With Greek borrowing costs breaking record highs yesterday, the euro weakened significantly after German Finance Minister Wolfgang Schaueble acknowledged that Greece may need a miracle involving loaves and a debt restructuring in the near future. In press interviews, senior ECB Board member Lorenzo Bini-Smaghi said that a debt restructuring would result in the “failure of a large part of Greece’s banking system”, and that consequently the Greek economy would be “on its knees, with devastating effects on social cohesion and the resistance of the country’s democratic system.” Thank God he pulled his punches – but the bit he missed was picked up by Handelsblatt, which dutifully reported the likelihood of Cyprus being dragged into the eurozone’s debt crisis, as its banks depend on the Greek market and their high exposure to Greece’s government bonds – that being a mere 37% of the Cypriot GDP.
Ireland agreed a new, improved version of its bailout conditions.
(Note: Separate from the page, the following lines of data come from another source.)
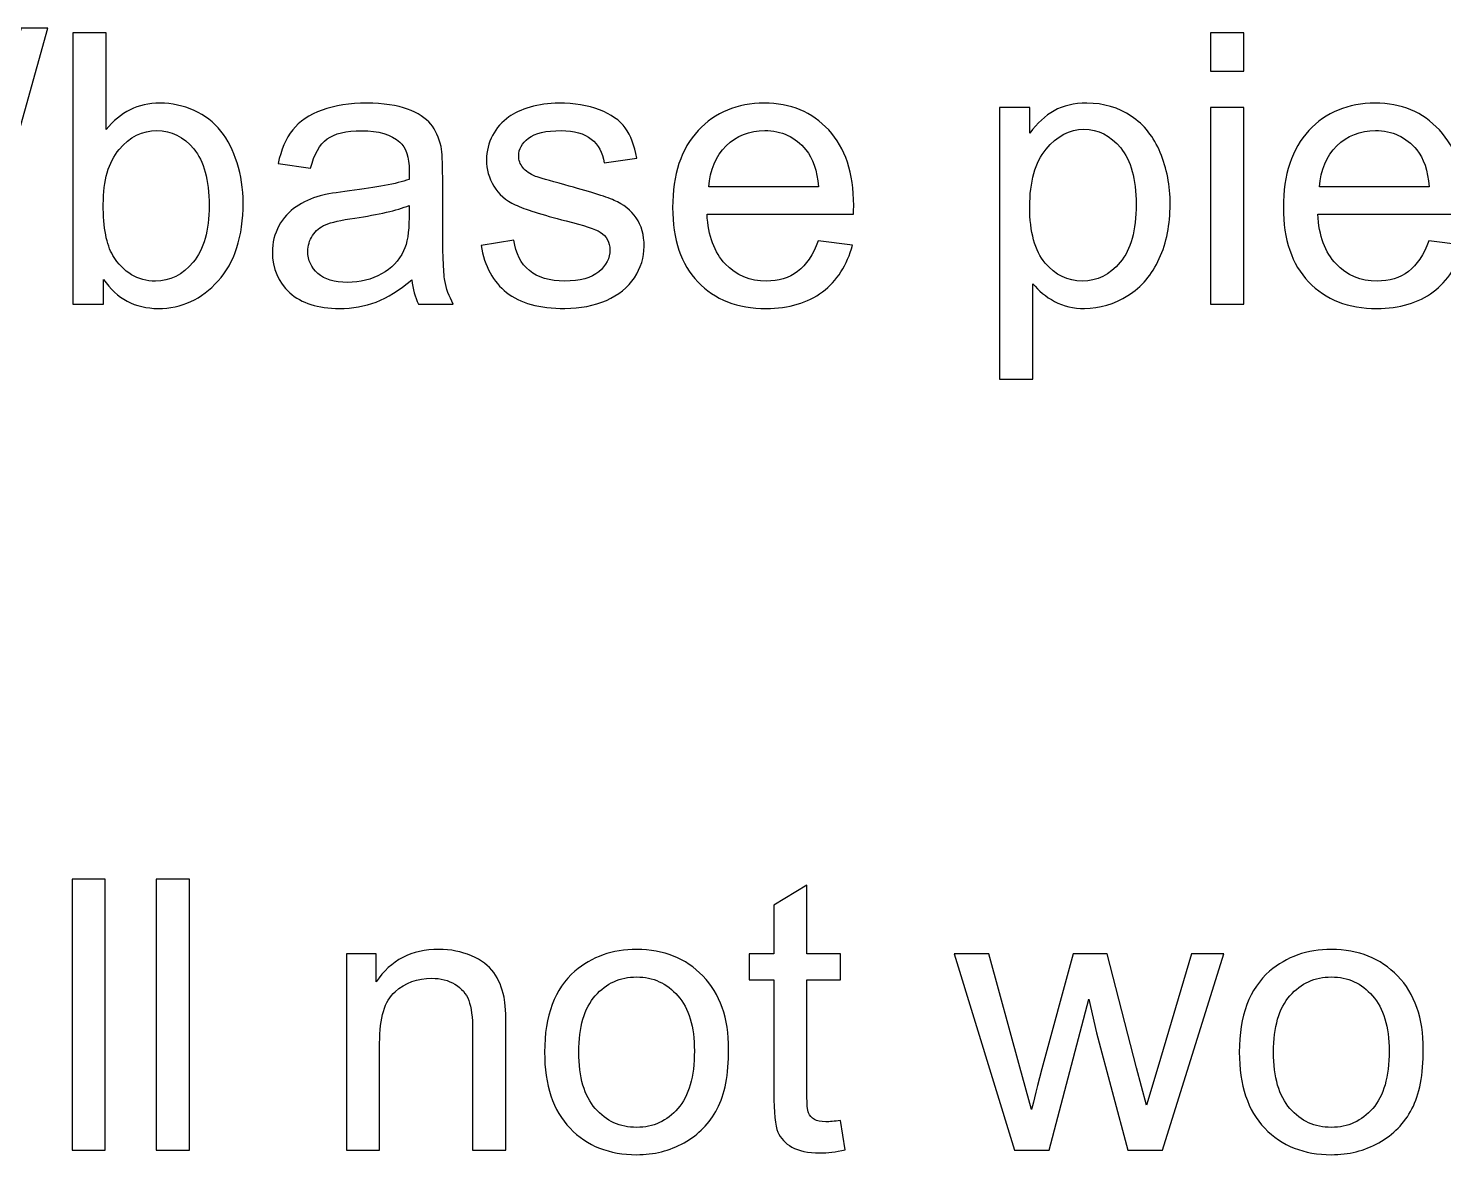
# Model space of a CAD drawing. Header units: millimetres. Extents: x -819 to 558, y -342 to 336.
# Drawn here: x -710.05 to -662.6, y 21.78 to 59.55 of the extents above; entities that cross this region are included whole.
import ezdxf

# ---------------------------------------------------------------- set-up
doc = ezdxf.new("R2010")
doc.units = ezdxf.units.MM
doc.header["$MEASUREMENT"] = 0
doc.layers.add('#Layer 1', color=7, linetype='Continuous')

msp = doc.modelspace()

# ---------------------------------------------------------------- linework, layer by layer
at = {"layer": '#Layer 1', "color": 250}
for points, knots in [([(-712.9226, 50.1475), (-712.9226, 50.1475), (-710.2873, 59.5476), (-710.2873, 59.5476), (-710.2873, 59.5476), (-710.2873, 59.5476), (-709.3941, 59.5476), (-709.3941, 59.5476), (-709.3941, 59.5476), (-709.3941, 59.5476), (-712.023, 50.1475), (-712.023, 50.1475), (-712.023, 50.1475), (-712.023, 50.1475), (-712.9226, 50.1475), (-712.9226, 50.1475)], [0, 0, 0, 0, 0.25, 0.25, 0.25, 0.25, 0.5, 0.5, 0.5, 0.5, 0.75, 0.75, 0.75, 0.75, 1, 1, 1, 1]), ([(-707.5272, 50.302), (-707.5272, 50.302), (-708.5622, 50.302), (-708.5622, 50.302), (-708.5622, 50.302), (-708.5622, 50.302), (-708.5622, 59.3931), (-708.5622, 59.3931), (-708.5622, 59.3931), (-708.5622, 59.3931), (-707.4468, 59.3931), (-707.4468, 59.3931), (-707.4468, 59.3931), (-707.4468, 59.3931), (-707.4468, 56.1504), (-707.4468, 56.1504), (-707.4468, 56.1504), (-706.9747, 56.7409), (-706.3736, 57.0372), (-705.6434, 57.0372), (-705.6434, 57.0372), (-705.237, 57.0372), (-704.8538, 56.9547), (-704.4919, 56.7917), (-704.4919, 56.7917), (-704.1299, 56.6287), (-703.8336, 56.398), (-703.5987, 56.1038), (-703.5987, 56.1038), (-703.3658, 55.8075), (-703.1817, 55.4519), (-703.0504, 55.0328), (-703.0504, 55.0328), (-702.9171, 54.6158), (-702.8515, 54.1692), (-702.8515, 53.695), (-702.8515, 53.695), (-702.8515, 52.5647), (-703.1309, 51.6927), (-703.6897, 51.0767), (-703.6897, 51.0767), (-704.2464, 50.4608), (-704.9173, 50.1538), (-705.6984, 50.1538), (-705.6984, 50.1538), (-706.4752, 50.1538), (-707.0848, 50.4777), (-707.5272, 51.1275), (-707.5272, 51.1275), (-707.5272, 51.1275), (-707.5272, 50.302), (-707.5272, 50.302)], [0, 0, 0, 0, 0.0769231, 0.0769231, 0.0769231, 0.0769231, 0.1538462, 0.1538462, 0.1538462, 0.1538462, 0.2307692, 0.2307692, 0.2307692, 0.2307692, 0.3076923, 0.3076923, 0.3076923, 0.3076923, 0.3846154, 0.3846154, 0.3846154, 0.3846154, 0.4615385, 0.4615385, 0.4615385, 0.4615385, 0.5384615, 0.5384615, 0.5384615, 0.5384615, 0.6153846, 0.6153846, 0.6153846, 0.6153846, 0.6923077, 0.6923077, 0.6923077, 0.6923077, 0.7692308, 0.7692308, 0.7692308, 0.7692308, 0.8461538, 0.8461538, 0.8461538, 0.8461538, 0.9230769, 0.9230769, 0.9230769, 0.9230769, 1, 1, 1, 1]), ([(-670.42, 58.1083), (-670.42, 58.1083), (-670.42, 59.3931), (-670.42, 59.3931), (-670.42, 59.3931), (-670.42, 59.3931), (-669.3024, 59.3931), (-669.3024, 59.3931), (-669.3024, 59.3931), (-669.3024, 59.3931), (-669.3024, 58.1083), (-669.3024, 58.1083), (-669.3024, 58.1083), (-669.3024, 58.1083), (-670.42, 58.1083), (-670.42, 58.1083)], [0, 0, 0, 0, 0.25, 0.25, 0.25, 0.25, 0.5, 0.5, 0.5, 0.5, 0.75, 0.75, 0.75, 0.75, 1, 1, 1, 1]), ([(-697.1958, 51.1148), (-697.6106, 50.7634), (-698.0086, 50.5158), (-698.3896, 50.3697), (-698.3896, 50.3697), (-698.7727, 50.2258), (-699.1833, 50.1538), (-699.6215, 50.1538), (-699.6215, 50.1538), (-700.3454, 50.1538), (-700.8999, 50.3295), (-701.2894, 50.683), (-701.2894, 50.683), (-701.6767, 51.0365), (-701.8715, 51.4895), (-701.8715, 52.0377), (-701.8715, 52.0377), (-701.8715, 52.3615), (-701.7995, 52.6557), (-701.6513, 52.9224), (-701.6513, 52.9224), (-701.5053, 53.1891), (-701.3127, 53.4029), (-701.0756, 53.5638), (-701.0756, 53.5638), (-700.8364, 53.7247), (-700.5697, 53.8474), (-700.2713, 53.93), (-700.2713, 53.93), (-700.0533, 53.9871), (-699.7231, 54.0443), (-699.2807, 54.0972), (-699.2807, 54.0972), (-698.379, 54.2051), (-697.7143, 54.3321), (-697.2889, 54.4824), (-697.2889, 54.4824), (-697.2847, 54.6348), (-697.2825, 54.7322), (-697.2825, 54.7724), (-697.2825, 54.7724), (-697.2825, 55.2275), (-697.3884, 55.5492), (-697.6, 55.7334), (-697.6, 55.7334), (-697.8837, 55.9874), (-698.3091, 56.1123), (-698.87, 56.1123), (-698.87, 56.1123), (-699.395, 56.1123), (-699.7823, 56.0212), (-700.0342, 55.8371), (-700.0342, 55.8371), (-700.284, 55.6529), (-700.4681, 55.327), (-700.5888, 54.8592), (-700.5888, 54.8592), (-700.5888, 54.8592), (-701.6789, 55.0095), (-701.6789, 55.0095), (-701.6789, 55.0095), (-701.5794, 55.4751), (-701.4164, 55.854), (-701.1899, 56.1398), (-701.1899, 56.1398), (-700.9634, 56.4276), (-700.6332, 56.6499), (-700.2035, 56.8044), (-700.2035, 56.8044), (-699.7739, 56.9589), (-699.2764, 57.0372), (-698.7092, 57.0372), (-698.7092, 57.0372), (-698.1461, 57.0372), (-697.6911, 56.9695), (-697.3397, 56.8383), (-697.3397, 56.8383), (-696.9883, 56.7049), (-696.7301, 56.5398), (-696.5629, 56.3387), (-696.5629, 56.3387), (-696.3978, 56.1377), (-696.2835, 55.8858), (-696.2157, 55.5789), (-696.2157, 55.5789), (-696.1798, 55.3884), (-696.1607, 55.0455), (-696.1607, 54.5502), (-696.1607, 54.5502), (-696.1607, 54.5502), (-696.1607, 53.0621), (-696.1607, 53.0621), (-696.1607, 53.0621), (-696.1607, 52.0229), (-696.1374, 51.3667), (-696.0887, 51.0936), (-696.0887, 51.0936), (-696.0422, 50.8185), (-695.9469, 50.5539), (-695.8072, 50.302), (-695.8072, 50.302), (-695.8072, 50.302), (-696.9735, 50.302), (-696.9735, 50.302), (-696.9735, 50.302), (-697.0878, 50.5327), (-697.164, 50.8037), (-697.1958, 51.1148)], [0, 0, 0, 0, 0.037037, 0.037037, 0.037037, 0.037037, 0.0740741, 0.0740741, 0.0740741, 0.0740741, 0.1111111, 0.1111111, 0.1111111, 0.1111111, 0.1481481, 0.1481481, 0.1481481, 0.1481481, 0.1851852, 0.1851852, 0.1851852, 0.1851852, 0.2222222, 0.2222222, 0.2222222, 0.2222222, 0.2592593, 0.2592593, 0.2592593, 0.2592593, 0.2962963, 0.2962963, 0.2962963, 0.2962963, 0.3333333, 0.3333333, 0.3333333, 0.3333333, 0.3703704, 0.3703704, 0.3703704, 0.3703704, 0.4074074, 0.4074074, 0.4074074, 0.4074074, 0.4444444, 0.4444444, 0.4444444, 0.4444444, 0.4814815, 0.4814815, 0.4814815, 0.4814815, 0.5185185, 0.5185185, 0.5185185, 0.5185185, 0.5555556, 0.5555556, 0.5555556, 0.5555556, 0.5925926, 0.5925926, 0.5925926, 0.5925926, 0.6296296, 0.6296296, 0.6296296, 0.6296296, 0.6666667, 0.6666667, 0.6666667, 0.6666667, 0.7037037, 0.7037037, 0.7037037, 0.7037037, 0.7407407, 0.7407407, 0.7407407, 0.7407407, 0.7777778, 0.7777778, 0.7777778, 0.7777778, 0.8148148, 0.8148148, 0.8148148, 0.8148148, 0.8518519, 0.8518519, 0.8518519, 0.8518519, 0.8888889, 0.8888889, 0.8888889, 0.8888889, 0.9259259, 0.9259259, 0.9259259, 0.9259259, 0.962963, 0.962963, 0.962963, 0.962963, 1, 1, 1, 1]), ([(-694.8759, 52.2684), (-694.8759, 52.2684), (-693.7731, 52.442), (-693.7731, 52.442), (-693.7731, 52.442), (-693.7117, 51.9996), (-693.5382, 51.6609), (-693.2545, 51.4238), (-693.2545, 51.4238), (-692.973, 51.1889), (-692.5772, 51.0704), (-692.0671, 51.0704), (-692.0671, 51.0704), (-691.5549, 51.0704), (-691.1739, 51.1762), (-690.9262, 51.3836), (-690.9262, 51.3836), (-690.6786, 51.5932), (-690.5537, 51.8387), (-690.5537, 52.1181), (-690.5537, 52.1181), (-690.5537, 52.3721), (-690.6637, 52.569), (-690.8839, 52.715), (-690.8839, 52.715), (-691.0363, 52.8145), (-691.4173, 52.9394), (-692.0248, 53.0918), (-692.0248, 53.0918), (-692.8418, 53.2992), (-693.4112, 53.477), (-693.7266, 53.6294), (-693.7266, 53.6294), (-694.0419, 53.7797), (-694.2832, 53.9892), (-694.4462, 54.2559), (-694.4462, 54.2559), (-694.6092, 54.5226), (-694.6918, 54.8169), (-694.6918, 55.1386), (-694.6918, 55.1386), (-694.6918, 55.4328), (-694.624, 55.7037), (-694.4886, 55.9535), (-694.4886, 55.9535), (-694.3552, 56.2054), (-694.1711, 56.4128), (-693.9403, 56.5779), (-693.9403, 56.5779), (-693.7668, 56.7049), (-693.5297, 56.815), (-693.2313, 56.9039), (-693.2313, 56.9039), (-692.9307, 56.9928), (-692.609, 57.0372), (-692.2661, 57.0372), (-692.2661, 57.0372), (-691.7496, 57.0372), (-691.2966, 56.961), (-690.905, 56.8129), (-690.905, 56.8129), (-690.5135, 56.6647), (-690.2256, 56.4636), (-690.0393, 56.2096), (-690.0393, 56.2096), (-689.8531, 55.9535), (-689.7261, 55.6148), (-689.6562, 55.1894), (-689.6562, 55.1894), (-689.6562, 55.1894), (-690.7463, 55.0391), (-690.7463, 55.0391), (-690.7463, 55.0391), (-690.7971, 55.3778), (-690.941, 55.6424), (-691.1781, 55.8329), (-691.1781, 55.8329), (-691.4152, 56.0234), (-691.7517, 56.1186), (-692.1856, 56.1186), (-692.1856, 56.1186), (-692.6979, 56.1186), (-693.064, 56.0339), (-693.2821, 55.8646), (-693.2821, 55.8646), (-693.5022, 55.6953), (-693.6123, 55.4963), (-693.6123, 55.2698), (-693.6123, 55.2698), (-693.6123, 55.1238), (-693.5657, 54.9947), (-693.4747, 54.8782), (-693.4747, 54.8782), (-693.3837, 54.7576), (-693.2418, 54.6602), (-693.0471, 54.5798), (-693.0471, 54.5798), (-692.9349, 54.5396), (-692.6068, 54.4443), (-692.0607, 54.2962), (-692.0607, 54.2962), (-691.2712, 54.0845), (-690.7209, 53.913), (-690.4097, 53.7776), (-690.4097, 53.7776), (-690.0965, 53.6442), (-689.8509, 53.4474), (-689.6731, 53.1913), (-689.6731, 53.1913), (-689.4953, 52.9351), (-689.4064, 52.6176), (-689.4064, 52.2366), (-689.4064, 52.2366), (-689.4064, 51.8641), (-689.5165, 51.5149), (-689.7324, 51.1847), (-689.7324, 51.1847), (-689.9504, 50.8566), (-690.2637, 50.6026), (-690.6722, 50.4227), (-690.6722, 50.4227), (-691.0807, 50.2427), (-691.5443, 50.1538), (-692.0607, 50.1538), (-692.0607, 50.1538), (-692.918, 50.1538), (-693.5699, 50.3316), (-694.0187, 50.6872), (-694.0187, 50.6872), (-694.4674, 51.0428), (-694.7531, 51.5699), (-694.8759, 52.2684)], [0, 0, 0, 0, 0.030303, 0.030303, 0.030303, 0.030303, 0.0606061, 0.0606061, 0.0606061, 0.0606061, 0.0909091, 0.0909091, 0.0909091, 0.0909091, 0.1212121, 0.1212121, 0.1212121, 0.1212121, 0.1515152, 0.1515152, 0.1515152, 0.1515152, 0.1818182, 0.1818182, 0.1818182, 0.1818182, 0.2121212, 0.2121212, 0.2121212, 0.2121212, 0.2424242, 0.2424242, 0.2424242, 0.2424242, 0.2727273, 0.2727273, 0.2727273, 0.2727273, 0.3030303, 0.3030303, 0.3030303, 0.3030303, 0.3333333, 0.3333333, 0.3333333, 0.3333333, 0.3636364, 0.3636364, 0.3636364, 0.3636364, 0.3939394, 0.3939394, 0.3939394, 0.3939394, 0.4242424, 0.4242424, 0.4242424, 0.4242424, 0.4545455, 0.4545455, 0.4545455, 0.4545455, 0.4848485, 0.4848485, 0.4848485, 0.4848485, 0.5151515, 0.5151515, 0.5151515, 0.5151515, 0.5454545, 0.5454545, 0.5454545, 0.5454545, 0.5757576, 0.5757576, 0.5757576, 0.5757576, 0.6060606, 0.6060606, 0.6060606, 0.6060606, 0.6363636, 0.6363636, 0.6363636, 0.6363636, 0.6666667, 0.6666667, 0.6666667, 0.6666667, 0.6969697, 0.6969697, 0.6969697, 0.6969697, 0.7272727, 0.7272727, 0.7272727, 0.7272727, 0.7575758, 0.7575758, 0.7575758, 0.7575758, 0.7878788, 0.7878788, 0.7878788, 0.7878788, 0.8181818, 0.8181818, 0.8181818, 0.8181818, 0.8484848, 0.8484848, 0.8484848, 0.8484848, 0.8787879, 0.8787879, 0.8787879, 0.8787879, 0.9090909, 0.9090909, 0.9090909, 0.9090909, 0.9393939, 0.9393939, 0.9393939, 0.9393939, 0.969697, 0.969697, 0.969697, 0.969697, 1, 1, 1, 1]), ([(-683.5729, 52.4229), (-683.5729, 52.4229), (-682.4193, 52.2811), (-682.4193, 52.2811), (-682.4193, 52.2811), (-682.6014, 51.6059), (-682.9379, 51.0831), (-683.429, 50.7105), (-683.429, 50.7105), (-683.9222, 50.3401), (-684.5508, 50.1538), (-685.3149, 50.1538), (-685.3149, 50.1538), (-686.278, 50.1538), (-687.0421, 50.4502), (-687.6052, 51.0428), (-687.6052, 51.0428), (-688.1703, 51.6355), (-688.4518, 52.4674), (-688.4518, 53.5384), (-688.4518, 53.5384), (-688.4518, 54.6475), (-688.1661, 55.5069), (-687.5967, 56.1186), (-687.5967, 56.1186), (-687.0252, 56.7303), (-686.2865, 57.0372), (-685.3763, 57.0372), (-685.3763, 57.0372), (-684.4958, 57.0372), (-683.7761, 56.7367), (-683.2194, 56.1377), (-683.2194, 56.1377), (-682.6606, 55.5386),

This is alleged to include an increase in the minimum wage as well as reductions in employer insurance and VAT in low paid sectors…but also expected to impose further job cuts. Michael Noonan, Irish Finance Minister, suggested that the deal showed that the EU/IMF were willing to negotiate on “unpopular” areas of the bailout agreement. Observers spent most of the day hunting for the popular bits, but while they were at it Moody’s downgraded Ireland by two notches, leaving its credit rating one notch above junk. Some speculated that his was a result of the new, improved version of its bailout conditions, but Government finance officials were too overcome with joy to comment.
The EU responded by proposing a £7bn increase in next year’s EU budget, and lifting sanctions on the former Libyan foreign minister Moussa Koussa, following his ‘defection’ from the Libyan regime.